When you learn a new activity, your brain blazes a path of memory communication. This then increases in strength every time you repeat the same activity. If your neurons are not used regularly, the pathways weaken, and their communication strength fades. But when the activity is resumed, the pathways reignite and are strengthened. This is the principle that your muscles use to increase strength from training. This is also how they atrophy from lack of use.
If your workout has stalled and you no longer get results, you might have a muscle memory problem. Muscle memory is another way of defining being in a plateau. To keep seeing results, you must find ways to break the plateau.
Let's say you walk two miles daily on your treadmill at the same speed. You will see results the first month, but then your results will taper off because of muscle memory. By month three, you will only be maintaining. You need to shake that workout up!
Change is good when it comes to workouts. Alternate what you do for cardiovascular as much as you can. If you use a treadmill, then bike. If nothing else, change the settings on the machine. This will help break the muscle memory you have established.
Muscle memory is another reason to alternate your strength-training workouts. Throughout the week, change the area of the body you are targeting.
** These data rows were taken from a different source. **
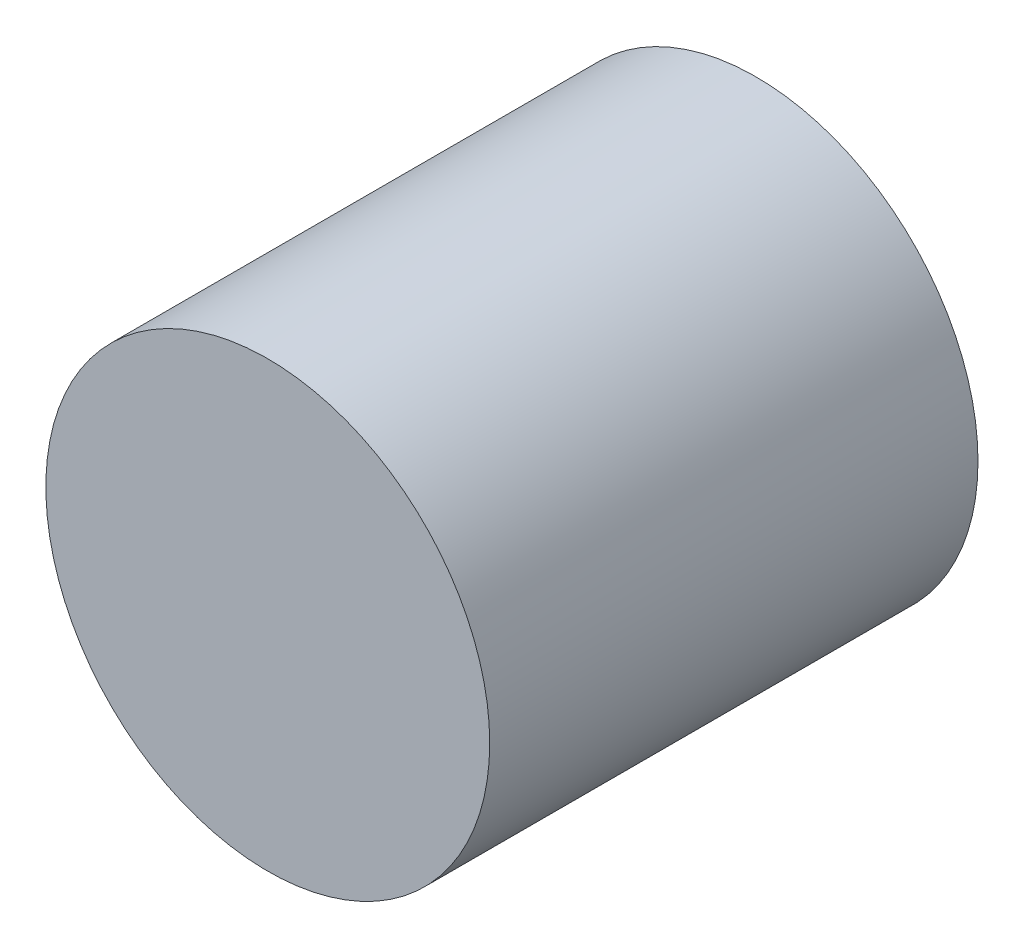
from build123d import *

# Parameters (mm, degrees)
SKETCH1_R           = 5
BOSS_EXTRUDE1_DEPTH = 11


with BuildPart() as part:
    # Sketch1 → Boss-Extrude1 (new body)
    with BuildSketch(Plane.XY):
        Circle(SKETCH1_R)
    extrude(amount=BOSS_EXTRUDE1_DEPTH)


solid = part.part

A great way to tell when you have built up specific muscle memory is the ease in which you go through your workout. A workout should be just that -- work. If you are skating through it, it is time to shake it up.
For best results you should change the workout in some way every time you do it.
For instance, if you mainly use weight machines, then use more free weights. If you do things standing, then do them seated or on a balance ball. See what I'm getting at: Change, change, change!
If you take the time to change your workouts on a regular basis, you'll find the results and experience much more appealing.
To Your Success!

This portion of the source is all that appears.